Around the turn of the 20th century, the Browns frequently travelled to explore the art of their time and support artists. The collection is dominated by landscapes and still lifes, including works by Pierre Bonnard, Eugène Boudin, Mary Cassatt, Camille Corot, Paul Cézanne, Edgar Degas, Henri Fantin-Latour, Paul Gauguin, Henri Matisse, Claude Monet, Camille Pissarro, Odilon Redon, Pierre-Auguste Renoir and Alfred Sisley, making it one of Switzerland’s finest and most significant Impressionist collections.

These masterpieces are now held at the Villa Langmatt, an Art Nouveau residence influenced by English rural architecture. Built for the Browns by architect Karl Moser between 1899 and 1901, the house is closed for extensive restoration.

The exhibition at the Fondation de l’Hermitage will feature over 60 of the most remarkable works from the Langmatt collection. The exhibition will then travel to the Wallraf-Richartz-Museum & Fondation Corboud, Cologne, followed by the Österreichische Galerie Belvedere, Vienna.

Johann Melchior Wyrsch and his Portraits of Women


Johann Melchior Wyrsch, portrait of Maria Barbara Wyrsch-Keyser, around 1779. Photo:: Nidwalder Museum, Stans

Johann Melchior Wyrsch (1732-1798) was one of Switzerland’s most important representatives of 18th-century portrait painting. Bourgeois and aristocratic ladies and gentlemen from central Switzerland, Solothurn, Besançon and the Franche-Comté ordered portraits from him.
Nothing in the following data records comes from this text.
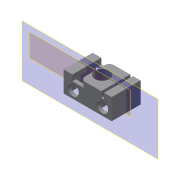
# Autodesk Inventor part: 04_OT_mic_slide_x
Saved by Autodesk Inventor 2019.4 (Build 234330000, 330)
## iProperties
Created: 2020-10-07
Part Number: 04_OT_mic_slide_x
Material: Generic
Document SubType Name: Modeling
Designer: diederichbenedict
Density: 1 g/cm^3
Appearance: Default
Author: diederichbenedict
Autodesk Inventor part; units mm, degrees
ref_plane "YZ Plane" through (0, 0, 0) normal (1, 0, 0) x (0, 1, 0)
ref_plane "XZ Plane" through (0, 0, 0) normal (0, 1, 0) x (-1, 0, 0)
ref_plane "XY Plane" through (0, 0, 0) normal (0, 0, 1) x (1, 0, 0)
ref_plane "Work Plane1" through (0, 0, -111.8) normal (0, 0, -1) x (-1, 0, 0)
sketch "Sketch1" plane through (0, 0, -111.8) normal (0, 0, -1) x (-1, 0, 0)
  circle A0 centre (-46.2034, -15) radius 3 projected
  circle A1 centre (-71.6034, -15) radius 3 projected
  line L0 (-79.6034, -22) -> (-38.2034, -22)
  line L1 (-38.2034, -22) -> (-38.2034, -4)
  line L2 (-38.2034, -4) -> (-79.6034, -4)
  line L3 (-79.6034, -4) -> (-79.6034, -22)
  circle A2 centre (-71.6034, -15) radius 5
  circle A3 centre (-46.2034, -15) radius 5
  point P0 (0, 0)
  dimension "d0" = 2
  dimension "d1" = 2
  dimension "d2" = 8
  dimension "d_4" = 8
  dimension "d4" = 11
  dimension "d5" = 7
  constraints: 8 end point, 2 centre point, 2 parallel, 1 horizontal, 1 perpendicular
  measures "d0" radial gap between concentric circles of A1 A2
  measures "d1" radial gap between concentric circles of A0 A3
  measures "d2" distance from line of L3 A1.centre
  measures "d_4" distance from line of L1 A0.centre
  measures "d4" distance from line of A0.centre L2
  measures "d5" distance from line of A1.centre L0
extrude "Extrusion1" add sketch "Sketch1" along normal mid plane 25 contours L3 L2 L1 L0
sketch "Sketch2" plane through (38.2034, -22, -124.3) normal (0, -1, 0) x (1, 0, 0)
  line L0 (28.4, 22.0118) -> (38.4, 22.0118) projected
  line L1 (38.4, 3.1118) -> (28.4, 3.1118) projected
  line L2 (36.4, 96.7206) -> (36.4, -103.2794)
  line L3 (30.4, 96.7206) -> (30.4, -103.2794)
  line L4 (39.55, 22) -> (27.25, 22)
  line L5 (27.25, 22) -> (27.25, 3)
  line L6 (27.25, 3) -> (39.55, 3)
  line L7 (39.55, 3) -> (39.55, 22)
  line L8 (0, 25) -> (41.4, 25) projected
  line L9 (41.4, 25) -> (0, 25) projected
  line L10 (20.7, 25) -> (20.7, 0)
  line L11 (41.4, 0) -> (0, 0) projected
  line L12 (13, 22.0118) -> (3, 22.0118)
  line L13 (3, 3.1118) -> (13, 3.1118)
  line L14 (1.85, 22) -> (14.15, 22)
  line L15 (14.15, 22) -> (14.15, 3)
  line L16 (14.15, 3) -> (1.85, 3)
  line L17 (1.85, 3) -> (1.85, 22)
  point P0 (-38.2034, 124.3)
  dimension "d8" = 19
  dimension "d9" = 12.3
  dimension "d10" = 3.15
  dimension "d11" = 3
  constraints: 26 end point, 8 symmetric about line, 2 midpoint, 2 parallel, 2 vertical, 1 horizontal, 1 perpendicular, 4 other
  measures "d8" distance between parallel lines of L6 L4
  measures "d9" distance between parallel lines of L7 L5
  measures "d10" distance between parallel lines of L7 L2
  measures "d11" distance between parallel lines of L8 L4
ref_plane "Work Plane2" through (0, 0, -111.8) normal (0, 0, 1) x (1, 0, 0)
extrude "Extrusion2" cut sketch "Sketch2" against normal blind 14 contours L4 L2 L1 L3 | L3 L6 L5 L4 | L4 L7 L6 L2 | L1 L2 L6 L3 | L14 L15 L16 L17
sketch "Sketch3" plane through (38.2034, -4, -124.3) normal (0, 1, 0) x (1, 0, 0)
  line L0 (41.4, -25) -> (41.4, 0) projected
  line L1 (0, 0) -> (41.4, 0) projected
  line L2 (0, -25) -> (0, 0) projected
  line L3 (41.4, -25) -> (0, -25) projected
  line L4 (34.7952, -26.219) -> (32.4952, -26.219)
  line L5 (32.4952, -26.219) -> (32.4952, 2.9805)
  line L6 (32.4952, 2.9805) -> (34.7952, 2.9805)
  line L7 (34.7952, 2.9805) -> (34.7952, -26.219)
  line L8 (14.4825, -27.0979) -> (7.5488, -27.0979)
  line L9 (7.5488, -27.0979) -> (7.5488, 2.9805)
  line L10 (7.5488, 2.9805) -> (14.4825, 2.9805)
  line L11 (14.4825, 2.9805) -> (14.4825, -27.0979)
  point P0 (-38.2034, -124.3)
  dimension "d14" = 2.3
  constraints: 16 end point, 4 parallel, 2 horizontal, 2 perpendicular
  measures "d14" distance of L5.end L6.end
extrude "Extrusion3" cut sketch "Sketch3" against normal blind 5 contours L7 L4 L5 L3 | L3 L5 L1 L7 | L1 L5 L6 L7 | L11 L8 L9 L3 | L3 L9 L1 L11 | L1 L9 L10 L11
fillet "Fillet1" radius 4 2 edges at (52.6859, -6.5, -124.3) (52.6859, -6.5, -99.3)
sketch "Sketch4" plane through (38.2034, -22, -124.3) normal (0, -1, 0) x (1, 0, 0)
  line L0 (27.25, 3) -> (27.25, 22) projected
  line L1 (27.25, 22) -> (39.55, 22) projected
  line L2 (39.55, 22) -> (39.55, 3) projected
  line L3 (39.55, 3) -> (27.25, 3) projected
  line L4 (1.85, 3) -> (1.85, 22) projected
  line L5 (1.85, 22) -> (14.15, 22) projected
  line L6 (14.15, 22) -> (14.15, 3) projected
  line L7 (14.15, 3) -> (1.85, 3) projected
  line L8 (0, 25) -> (0, 0) projected
  line L9 (41.4, 0) -> (0, 0) projected
  line L10 (41.4, 0) -> (41.4, 25) projected
  line L11 (0, 25) -> (41.4, 25) projected
  circle A0 centre (20.7, 12.5) radius 6.2
  point P0 (-38.2034, 124.3)
  dimension "d18" = 12.4
  constraints: 1 centre point
  measures "d18" diameter of A0
extrude "Extrusion4" cut sketch "Sketch4" against normal through all contours A0
sketch "Sketch5" plane through (38.2034, -22, -124.3) normal (0, -1, 0) x (1, 0, 0)
  circle A0 centre (20.7, 12.5) radius 6.2 projected
  line L0 (27.25, 3) -> (27.25, 22) projected
  line L1 (27.25, 22) -> (39.55, 22) projected
  line L2 (39.55, 22) -> (39.55, 3) projected
  line L3 (39.55, 3) -> (27.25, 3) projected
  line L4 (1.85, 3) -> (1.85, 22) projected
  line L5 (1.85, 22) -> (14.15, 22) projected
  line L6 (14.15, 22) -> (14.15, 3) projected
  line L7 (14.15, 3) -> (1.85, 3) projected
  line L8 (0, 25) -> (0, 0) projected
  line L9 (41.4, 0) -> (0, 0) projected
  line L10 (41.4, 0) -> (41.4, 25) projected
  line L11 (0, 25) -> (41.4, 25) projected
  circle A1 centre (16.15, 3) radius 1.45
  circle A2 centre (25.25, 22) radius 1.45
  circle A3 centre (20.7, 12.5) radius 8.6 construction
  point P0 (-38.2034, 124.3)
  dimension "d21" = 2.9
  dimension "d22" = 2.9
  dimension "d25" = 17.2
  dimension "d26" = 2
  dimension "d27" = 2
  constraints: 3 centre point, 3 coincident
  measures "d21" diameter of A1
  measures "d22" diameter of A2
  measures "d25" diameter of A3
  measures "d26" distance from line of A1.centre L6
  measures "d27" distance from line of A2.centre L0
extrude "Extrusion5" cut sketch "Sketch5" against normal blind 8 contours A1 | A2
equation "\"d2\" = d_4"
body "Solid1"
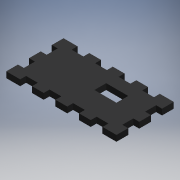
# Autodesk Inventor part: left
Saved by Autodesk Inventor 2019 (Build 230136000, 136)
## iProperties
Created: 2018-06-07
Part Number: left
Material: PBT Plastic Black
Document SubType Name: Modeling
Designer: stra92745
Density: 1.31 g/cm^3
Appearance: Smooth - White
Author: stra92745
Autodesk Inventor part; units mm, degrees
ref_plane "YZ Plane" through (0, 0, 0) normal (1, 0, 0) x (0, 1, 0)
ref_plane "XZ Plane" through (0, 0, 0) normal (0, 1, 0) x (-1, 0, 0)
ref_plane "XY Plane" through (0, 0, 0) normal (0, 0, 1) x (1, 0, 0)
sketch "Sketch1" plane through (0, 0, 0) normal (0, 1, 0) x (-1, 0, 0)
  line L0 (0, 0) -> (-75, 0)
  line L1 (-75, 0) -> (-75, -39)
  line L2 (-75, -39) -> (0, -39)
  line L3 (0, -39) -> (0, 0)
  line L4 (-41, -27) -> (-56, -27)
  line L5 (-56, -27) -> (-56, -19)
  line L6 (-56, -19) -> (-41, -19)
  line L7 (-41, -19) -> (-41, -27)
  dimension "d0" = 75
  dimension "d1" = 39
  dimension "d21" = 15
  dimension "d22" = 19
  dimension "d23" = 8
  dimension "d24" = 19
  constraints: 16 end point, 4 parallel, 2 horizontal, 2 perpendicular
  measures "d0" distance of L2.end L1.end
  measures "d1" distance of L1.end L0.end
  measures "d21" distance of L5.end L6.end
  measures "d22" distance between parallel lines of L1 L5
  measures "d23" distance of L6.end L4.start
  measures "d24" distance between parallel lines of L0 L6
extrude "Extrusion1" add sketch "Sketch1" along normal blind 4
sketch "Sketch2" plane through (0, 4, 0) normal (0, 1, 0) x (1, 0, 0)
  line L0 (0, 39) -> (0, 0) construction
  line L1 (75, 39) -> (0, 39) construction
  line L2 (75, 0) -> (75, 39) construction
  line L3 (0, 0) -> (75, 0) construction
  line L4 (4, 35) -> (4, 4) construction
  line L5 (4, 4) -> (71, 4) construction
  line L6 (71, 4) -> (71, 35) construction
  line L7 (71, 35) -> (4, 35) construction
  line L8 (0, 39) -> (0, 0) construction
  line L9 (0, 19.5) -> (75, 19.5) construction
  line L10 (37.5, 39) -> (37.5, 0) construction
  line L11 (0, 31) -> (4, 31)
  line L12 (4, 31) -> (4, 23.5)
  line L13 (4, 23.5) -> (0, 23.5)
  line L14 (0, 23.5) -> (0, 31)
  line L15 (75, 39) -> (0, 39) projected
  line L16 (9.5, 35) -> (17.5, 35)
  line L17 (17.5, 35) -> (17.5, 39)
  line L18 (17.5, 39) -> (9.5, 39)
  line L19 (9.5, 39) -> (9.5, 35)
  line L20 (25.5, 35) -> (33.5, 35)
  line L21 (33.5, 35) -> (33.5, 39)
  line L22 (33.5, 39) -> (25.5, 39)
  line L23 (25.5, 39) -> (25.5, 35)
  line L24 (75, 31) -> (71, 31)
  line L25 (71, 31) -> (71, 23.5)
  line L26 (71, 23.5) -> (75, 23.5)
  line L27 (75, 23.5) -> (75, 31)
  line L28 (65.5, 35) -> (57.5, 35)
  line L29 (57.5, 35) -> (57.5, 39)
  line L30 (57.5, 39) -> (65.5, 39)
  line L31 (65.5, 39) -> (65.5, 35)
  line L32 (49.5, 35) -> (41.5, 35)
  line L33 (41.5, 35) -> (41.5, 39)
  line L34 (41.5, 39) -> (49.5, 39)
  line L35 (49.5, 39) -> (49.5, 35)
  line L36 (75, 0) -> (0, 0) construction
  line L37 (71, 4) -> (4, 4) construction
  line L38 (0, 8) -> (4, 8)
  line L39 (4, 8) -> (4, 15.5)
  line L40 (4, 15.5) -> (0, 15.5)
  line L41 (0, 15.5) -> (0, 8)
  line L42 (75, 0) -> (0, 0)
  line L43 (9.5, 4) -> (17.5, 4)
  line L44 (17.5, 4) -> (17.5, 0)
  line L45 (17.5, 0) -> (9.5, 0)
  line L46 (9.5, 0) -> (9.5, 4)
  line L47 (25.5, 4) -> (33.5, 4)
  line L48 (33.5, 4) -> (33.5, 0)
  line L49 (33.5, 0) -> (25.5, 0)
  line L50 (25.5, 0) -> (25.5, 4)
  line L51 (49.5, 4) -> (41.5, 4)
  line L52 (49.5, 0) -> (49.5, 4)
  line L53 (41.5, 0) -> (49.5, 0)
  line L54 (41.5, 4) -> (41.5, 0)
  line L55 (57.5, 4) -> (57.5, 0)
  line L56 (65.5, 4) -> (57.5, 4)
  line L57 (57.5, 0) -> (65.5, 0)
  line L58 (71, 8) -> (71, 15.5)
  line L59 (71, 15.5) -> (75, 15.5)
  line L60 (75, 15.5) -> (75, 8)
  line L61 (75, 8) -> (71, 8)
  line L62 (65.5, 0) -> (65.5, 4)
  dimension "d12" = 4
  dimension "d13" = 4
  dimension "d14" = 8
  dimension "d15" = 8
  dimension "d16" = 8
  dimension "d17" = 8
  dimension "d18" = 4
  constraints: 114 end point, 36 symmetric about line, 12 point on line, 4 midpoint, 4 parallel, 4 perpendicular, 2 horizontal, 1 collinear, 3 other
  measures "d12" distance between parallel lines of L1 L7
  measures "d13" distance between parallel lines of L9 L13
  measures "d14" distance between parallel lines of L11 L1
  measures "d15" distance of L20.start L20.end
  measures "d16" distance of L16.start L16.end
  measures "d17" distance between parallel lines of L23 L17
  measures "d18" distance between parallel lines of L10 L21
extrude "Extrusion2" cut sketch "Sketch2" against normal up to surface (4 mm away)
body "Solid1"

Born in Buochs in 1732, he received his training in Lucerne and Einsiedeln. In 1753 and 1754, he worked in Rome and Naples. After returning to Nidwalden, he married Maria Barbara Keyser (1740-1803) in 1761.

Buochs, Johann Melchior Wyrsch 

The couple settled in Besançon in 1768, and Wyrsch founded an academy of painting and sculpture. After successful years as a portrait painter and director of the academy, he returned to Switzerland and became director of the municipal drawing school in Lucerne in 1784. In 1798, he was shot during the French invasion, although he was a mediator (or just because of that).

The exhibition ‘Johann Melchior Wyrsch. Frauenbildnisse’ (Johann Melchior Wyrsch. Portraits of women) at the Winkelriedhaus Museum in Nidwalden shows his portraits of women from the museum’s collection ann private collections.